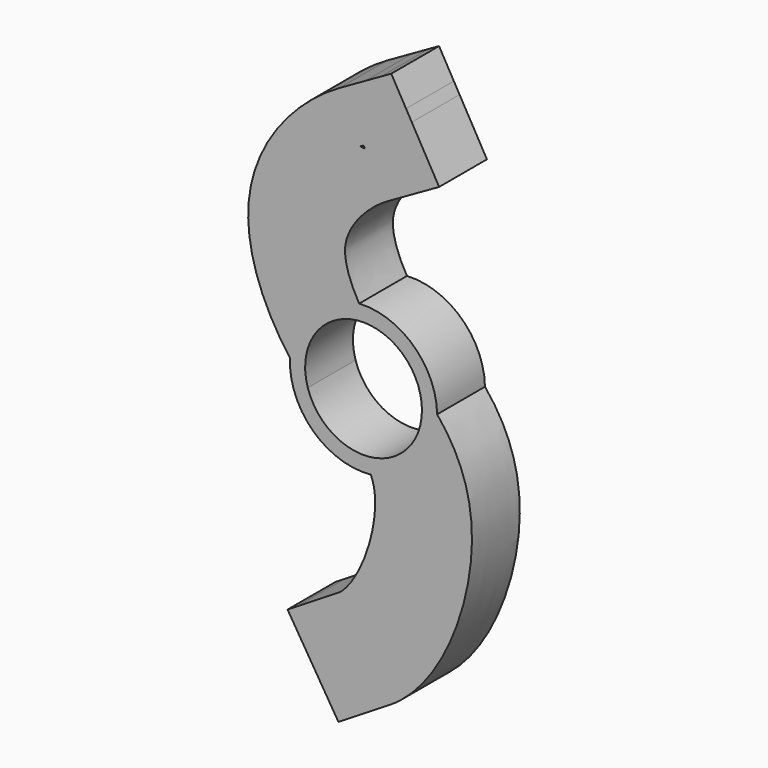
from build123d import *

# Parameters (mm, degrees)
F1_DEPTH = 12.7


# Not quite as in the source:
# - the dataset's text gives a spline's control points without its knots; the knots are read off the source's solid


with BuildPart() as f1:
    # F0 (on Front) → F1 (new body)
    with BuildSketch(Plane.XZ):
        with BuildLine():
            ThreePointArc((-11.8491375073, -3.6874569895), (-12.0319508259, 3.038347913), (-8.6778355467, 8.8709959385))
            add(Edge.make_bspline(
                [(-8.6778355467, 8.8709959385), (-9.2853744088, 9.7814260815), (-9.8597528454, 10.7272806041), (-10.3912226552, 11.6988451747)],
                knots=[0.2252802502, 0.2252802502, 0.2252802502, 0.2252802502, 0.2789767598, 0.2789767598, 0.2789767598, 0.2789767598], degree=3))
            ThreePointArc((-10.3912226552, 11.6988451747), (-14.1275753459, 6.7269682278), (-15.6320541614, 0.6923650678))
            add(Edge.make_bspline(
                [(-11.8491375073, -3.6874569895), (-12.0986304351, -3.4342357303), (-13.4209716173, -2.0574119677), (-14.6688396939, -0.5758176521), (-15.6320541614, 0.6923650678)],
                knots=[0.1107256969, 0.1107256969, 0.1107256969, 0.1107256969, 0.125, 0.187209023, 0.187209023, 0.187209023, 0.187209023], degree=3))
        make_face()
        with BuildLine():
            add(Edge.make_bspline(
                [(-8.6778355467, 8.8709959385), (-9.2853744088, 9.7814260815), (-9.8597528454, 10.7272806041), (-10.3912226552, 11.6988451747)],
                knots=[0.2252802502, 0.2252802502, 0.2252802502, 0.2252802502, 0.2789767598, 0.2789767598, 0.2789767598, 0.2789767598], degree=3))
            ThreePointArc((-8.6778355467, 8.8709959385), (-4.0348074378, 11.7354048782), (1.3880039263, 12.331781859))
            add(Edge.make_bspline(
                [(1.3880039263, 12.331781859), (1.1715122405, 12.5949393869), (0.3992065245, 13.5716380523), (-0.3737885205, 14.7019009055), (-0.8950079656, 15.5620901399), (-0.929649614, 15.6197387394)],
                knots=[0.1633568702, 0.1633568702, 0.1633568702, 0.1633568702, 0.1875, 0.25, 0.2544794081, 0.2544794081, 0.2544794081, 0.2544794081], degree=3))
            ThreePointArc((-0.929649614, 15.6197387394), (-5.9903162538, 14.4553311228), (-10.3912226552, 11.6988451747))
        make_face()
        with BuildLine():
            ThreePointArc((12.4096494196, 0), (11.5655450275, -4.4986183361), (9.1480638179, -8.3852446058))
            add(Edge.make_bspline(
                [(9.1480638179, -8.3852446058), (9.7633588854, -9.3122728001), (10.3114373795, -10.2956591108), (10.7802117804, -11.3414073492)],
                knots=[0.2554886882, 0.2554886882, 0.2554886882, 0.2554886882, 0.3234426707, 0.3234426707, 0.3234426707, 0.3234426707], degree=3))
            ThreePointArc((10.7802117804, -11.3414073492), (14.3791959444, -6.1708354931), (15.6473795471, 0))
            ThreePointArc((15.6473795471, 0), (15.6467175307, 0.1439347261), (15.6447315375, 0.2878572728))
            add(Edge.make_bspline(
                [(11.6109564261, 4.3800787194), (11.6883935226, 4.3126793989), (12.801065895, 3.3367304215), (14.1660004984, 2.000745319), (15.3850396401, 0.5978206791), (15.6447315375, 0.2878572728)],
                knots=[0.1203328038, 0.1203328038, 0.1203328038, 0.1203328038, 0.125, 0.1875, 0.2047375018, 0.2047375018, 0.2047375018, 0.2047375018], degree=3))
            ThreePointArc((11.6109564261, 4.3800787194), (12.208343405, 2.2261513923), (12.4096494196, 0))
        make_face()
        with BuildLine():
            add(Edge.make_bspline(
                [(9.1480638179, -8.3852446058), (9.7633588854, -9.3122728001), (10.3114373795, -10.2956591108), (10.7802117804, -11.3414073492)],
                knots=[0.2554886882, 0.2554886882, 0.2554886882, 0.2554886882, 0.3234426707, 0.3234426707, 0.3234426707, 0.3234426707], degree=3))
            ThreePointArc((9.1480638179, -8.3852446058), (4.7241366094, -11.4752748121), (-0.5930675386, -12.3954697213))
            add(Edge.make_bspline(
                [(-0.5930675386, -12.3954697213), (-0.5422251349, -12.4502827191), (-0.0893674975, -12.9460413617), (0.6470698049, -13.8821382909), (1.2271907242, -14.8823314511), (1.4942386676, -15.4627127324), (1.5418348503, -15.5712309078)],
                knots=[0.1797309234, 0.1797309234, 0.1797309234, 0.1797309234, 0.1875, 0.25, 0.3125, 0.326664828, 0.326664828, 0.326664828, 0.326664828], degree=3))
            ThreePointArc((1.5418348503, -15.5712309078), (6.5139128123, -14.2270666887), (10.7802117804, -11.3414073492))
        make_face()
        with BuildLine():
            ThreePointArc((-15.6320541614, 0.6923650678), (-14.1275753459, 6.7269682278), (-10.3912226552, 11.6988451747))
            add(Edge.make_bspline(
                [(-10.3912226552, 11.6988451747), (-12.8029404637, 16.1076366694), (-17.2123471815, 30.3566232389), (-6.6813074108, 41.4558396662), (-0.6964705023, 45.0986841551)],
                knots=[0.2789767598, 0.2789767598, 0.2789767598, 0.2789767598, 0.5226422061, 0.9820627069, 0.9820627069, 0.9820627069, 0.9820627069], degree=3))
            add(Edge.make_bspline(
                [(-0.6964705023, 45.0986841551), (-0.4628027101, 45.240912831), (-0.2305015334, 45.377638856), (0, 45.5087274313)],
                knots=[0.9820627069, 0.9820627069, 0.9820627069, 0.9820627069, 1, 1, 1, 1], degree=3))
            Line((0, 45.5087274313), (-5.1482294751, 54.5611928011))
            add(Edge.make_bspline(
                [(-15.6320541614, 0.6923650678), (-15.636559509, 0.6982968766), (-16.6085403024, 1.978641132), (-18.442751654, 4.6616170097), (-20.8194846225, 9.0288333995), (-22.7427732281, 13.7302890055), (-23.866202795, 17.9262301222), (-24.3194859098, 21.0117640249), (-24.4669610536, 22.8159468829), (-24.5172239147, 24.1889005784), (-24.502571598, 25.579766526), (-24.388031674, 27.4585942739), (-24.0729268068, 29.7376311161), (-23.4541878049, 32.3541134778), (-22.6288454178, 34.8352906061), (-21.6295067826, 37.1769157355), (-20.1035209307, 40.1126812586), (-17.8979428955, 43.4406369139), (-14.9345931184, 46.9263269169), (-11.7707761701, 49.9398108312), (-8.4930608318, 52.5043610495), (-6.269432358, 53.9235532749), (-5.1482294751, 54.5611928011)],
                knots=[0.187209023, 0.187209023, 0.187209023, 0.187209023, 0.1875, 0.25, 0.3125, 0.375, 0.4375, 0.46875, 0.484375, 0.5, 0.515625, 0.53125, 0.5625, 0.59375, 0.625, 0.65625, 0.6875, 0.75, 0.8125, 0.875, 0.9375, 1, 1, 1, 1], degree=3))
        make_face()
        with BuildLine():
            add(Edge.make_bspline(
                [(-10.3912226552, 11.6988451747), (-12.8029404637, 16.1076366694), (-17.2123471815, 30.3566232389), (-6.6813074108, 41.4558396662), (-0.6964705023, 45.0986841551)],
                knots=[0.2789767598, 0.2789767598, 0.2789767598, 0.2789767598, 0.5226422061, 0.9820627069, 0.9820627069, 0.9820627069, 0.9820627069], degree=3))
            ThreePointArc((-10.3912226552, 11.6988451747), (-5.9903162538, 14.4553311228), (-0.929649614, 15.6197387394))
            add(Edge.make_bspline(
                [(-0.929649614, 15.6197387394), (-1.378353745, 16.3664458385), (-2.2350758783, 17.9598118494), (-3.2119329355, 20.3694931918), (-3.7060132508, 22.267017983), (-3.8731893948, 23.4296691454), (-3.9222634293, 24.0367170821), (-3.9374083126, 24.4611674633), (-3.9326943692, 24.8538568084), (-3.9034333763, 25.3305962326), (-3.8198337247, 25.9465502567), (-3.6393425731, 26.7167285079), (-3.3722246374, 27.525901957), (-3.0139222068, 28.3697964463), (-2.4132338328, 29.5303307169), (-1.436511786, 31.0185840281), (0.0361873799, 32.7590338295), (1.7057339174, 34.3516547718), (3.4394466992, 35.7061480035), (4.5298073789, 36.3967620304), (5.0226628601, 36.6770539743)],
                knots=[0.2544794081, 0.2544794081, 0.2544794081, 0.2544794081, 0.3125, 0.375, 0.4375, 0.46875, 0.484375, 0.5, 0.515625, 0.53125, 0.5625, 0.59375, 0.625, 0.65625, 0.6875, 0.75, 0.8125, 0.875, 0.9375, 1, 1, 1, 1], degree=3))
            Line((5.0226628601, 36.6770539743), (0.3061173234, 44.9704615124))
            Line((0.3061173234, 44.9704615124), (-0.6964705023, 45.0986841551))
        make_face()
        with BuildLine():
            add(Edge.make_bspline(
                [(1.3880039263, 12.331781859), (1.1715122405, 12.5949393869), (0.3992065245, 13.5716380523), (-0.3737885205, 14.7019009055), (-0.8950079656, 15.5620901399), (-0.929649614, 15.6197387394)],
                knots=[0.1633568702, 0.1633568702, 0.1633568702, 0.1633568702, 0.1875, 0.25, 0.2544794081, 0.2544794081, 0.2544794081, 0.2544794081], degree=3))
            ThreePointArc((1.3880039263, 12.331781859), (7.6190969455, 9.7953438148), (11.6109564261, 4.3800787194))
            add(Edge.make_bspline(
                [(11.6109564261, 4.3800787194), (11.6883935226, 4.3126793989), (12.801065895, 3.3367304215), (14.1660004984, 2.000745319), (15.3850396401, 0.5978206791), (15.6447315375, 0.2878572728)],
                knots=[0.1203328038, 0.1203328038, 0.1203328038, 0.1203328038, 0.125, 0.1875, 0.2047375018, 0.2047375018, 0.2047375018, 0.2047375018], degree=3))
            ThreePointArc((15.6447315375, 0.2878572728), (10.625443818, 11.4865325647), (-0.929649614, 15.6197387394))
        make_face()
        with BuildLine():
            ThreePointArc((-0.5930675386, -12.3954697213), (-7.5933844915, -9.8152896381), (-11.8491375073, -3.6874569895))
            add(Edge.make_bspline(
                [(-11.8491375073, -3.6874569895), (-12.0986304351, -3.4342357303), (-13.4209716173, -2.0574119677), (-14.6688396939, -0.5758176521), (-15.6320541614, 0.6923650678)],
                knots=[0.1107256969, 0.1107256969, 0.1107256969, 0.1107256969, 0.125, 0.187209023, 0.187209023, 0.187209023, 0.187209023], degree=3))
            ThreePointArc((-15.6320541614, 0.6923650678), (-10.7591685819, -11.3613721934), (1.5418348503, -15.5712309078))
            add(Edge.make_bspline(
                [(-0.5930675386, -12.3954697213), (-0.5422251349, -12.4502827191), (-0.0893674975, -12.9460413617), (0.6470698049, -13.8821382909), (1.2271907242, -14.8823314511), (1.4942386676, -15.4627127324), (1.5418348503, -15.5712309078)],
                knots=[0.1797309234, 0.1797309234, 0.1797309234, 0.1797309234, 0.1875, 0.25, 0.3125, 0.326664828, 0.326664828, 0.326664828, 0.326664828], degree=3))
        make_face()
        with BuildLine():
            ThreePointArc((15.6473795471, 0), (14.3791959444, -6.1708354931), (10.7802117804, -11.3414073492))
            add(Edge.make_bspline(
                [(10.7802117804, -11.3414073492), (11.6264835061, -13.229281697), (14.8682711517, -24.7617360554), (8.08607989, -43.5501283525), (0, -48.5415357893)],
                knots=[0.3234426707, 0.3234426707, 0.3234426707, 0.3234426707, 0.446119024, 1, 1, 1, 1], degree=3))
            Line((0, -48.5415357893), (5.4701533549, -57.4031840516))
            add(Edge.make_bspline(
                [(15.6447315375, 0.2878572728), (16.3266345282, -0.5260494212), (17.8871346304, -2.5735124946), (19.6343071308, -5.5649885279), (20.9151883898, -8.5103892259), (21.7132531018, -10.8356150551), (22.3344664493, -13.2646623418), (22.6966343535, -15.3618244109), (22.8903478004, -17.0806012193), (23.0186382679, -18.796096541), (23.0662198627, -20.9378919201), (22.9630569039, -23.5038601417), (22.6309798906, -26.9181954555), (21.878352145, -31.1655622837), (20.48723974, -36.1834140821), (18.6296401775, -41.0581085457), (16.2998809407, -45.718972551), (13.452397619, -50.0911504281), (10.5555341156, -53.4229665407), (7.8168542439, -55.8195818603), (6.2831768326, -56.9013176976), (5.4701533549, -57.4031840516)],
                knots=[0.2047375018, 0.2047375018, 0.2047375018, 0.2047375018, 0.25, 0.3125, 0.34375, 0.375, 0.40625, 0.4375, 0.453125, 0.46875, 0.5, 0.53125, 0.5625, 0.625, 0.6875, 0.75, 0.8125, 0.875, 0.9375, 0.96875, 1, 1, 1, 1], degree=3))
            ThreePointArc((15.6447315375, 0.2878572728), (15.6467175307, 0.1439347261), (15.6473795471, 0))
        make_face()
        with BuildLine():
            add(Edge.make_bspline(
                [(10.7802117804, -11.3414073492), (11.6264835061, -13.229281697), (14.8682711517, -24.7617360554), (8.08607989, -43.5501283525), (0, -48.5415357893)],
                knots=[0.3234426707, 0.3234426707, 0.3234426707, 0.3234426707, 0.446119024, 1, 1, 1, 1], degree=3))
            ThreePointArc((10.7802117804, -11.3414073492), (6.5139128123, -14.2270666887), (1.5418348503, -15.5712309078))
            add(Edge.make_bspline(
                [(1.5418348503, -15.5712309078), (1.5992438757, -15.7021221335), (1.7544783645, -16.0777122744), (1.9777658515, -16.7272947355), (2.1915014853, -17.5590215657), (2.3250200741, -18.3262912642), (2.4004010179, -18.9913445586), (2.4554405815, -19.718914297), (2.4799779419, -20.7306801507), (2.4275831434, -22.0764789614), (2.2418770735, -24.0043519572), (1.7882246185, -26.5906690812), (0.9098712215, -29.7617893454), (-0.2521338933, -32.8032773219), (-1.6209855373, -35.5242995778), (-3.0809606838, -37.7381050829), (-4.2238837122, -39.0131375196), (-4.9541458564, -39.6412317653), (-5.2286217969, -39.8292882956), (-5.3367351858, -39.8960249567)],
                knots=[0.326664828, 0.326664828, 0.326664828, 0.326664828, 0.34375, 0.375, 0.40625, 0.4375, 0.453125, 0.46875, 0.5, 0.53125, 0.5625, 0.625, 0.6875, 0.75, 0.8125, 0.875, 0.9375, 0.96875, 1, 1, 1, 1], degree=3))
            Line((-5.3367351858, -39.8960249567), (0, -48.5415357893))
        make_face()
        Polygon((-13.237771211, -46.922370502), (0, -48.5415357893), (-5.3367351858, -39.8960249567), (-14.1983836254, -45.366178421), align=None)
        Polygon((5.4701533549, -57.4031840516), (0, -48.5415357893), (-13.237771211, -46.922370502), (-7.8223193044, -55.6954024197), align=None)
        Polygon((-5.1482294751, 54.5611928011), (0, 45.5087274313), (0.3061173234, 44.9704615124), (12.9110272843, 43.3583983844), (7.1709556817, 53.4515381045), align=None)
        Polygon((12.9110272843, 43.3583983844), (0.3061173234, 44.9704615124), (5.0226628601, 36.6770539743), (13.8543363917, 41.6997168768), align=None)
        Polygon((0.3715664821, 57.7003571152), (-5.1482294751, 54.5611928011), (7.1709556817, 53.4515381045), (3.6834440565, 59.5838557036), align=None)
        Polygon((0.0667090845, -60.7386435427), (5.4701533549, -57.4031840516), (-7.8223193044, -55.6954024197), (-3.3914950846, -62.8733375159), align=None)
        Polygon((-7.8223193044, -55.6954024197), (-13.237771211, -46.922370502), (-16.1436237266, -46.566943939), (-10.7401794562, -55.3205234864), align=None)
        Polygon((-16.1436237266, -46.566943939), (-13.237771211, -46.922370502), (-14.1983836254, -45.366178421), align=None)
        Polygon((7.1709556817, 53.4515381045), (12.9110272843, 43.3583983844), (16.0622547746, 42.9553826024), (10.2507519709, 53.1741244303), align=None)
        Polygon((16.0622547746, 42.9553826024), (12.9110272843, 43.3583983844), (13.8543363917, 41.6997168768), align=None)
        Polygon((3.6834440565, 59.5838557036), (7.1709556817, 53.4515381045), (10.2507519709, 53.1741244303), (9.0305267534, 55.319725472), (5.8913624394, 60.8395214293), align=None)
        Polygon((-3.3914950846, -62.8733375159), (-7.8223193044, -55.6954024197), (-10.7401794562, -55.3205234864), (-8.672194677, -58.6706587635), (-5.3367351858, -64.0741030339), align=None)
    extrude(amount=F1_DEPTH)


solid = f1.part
• • • • •
**INSTRUCTIONS FOR THE TASK:**
Filter the records above, keeping each line that contains the word "source".

**RESULT OF THE EXERCISE:**
# Not quite as in the source:
# - the dataset's text gives a spline's control points without its knots; the knots are read off the source's solid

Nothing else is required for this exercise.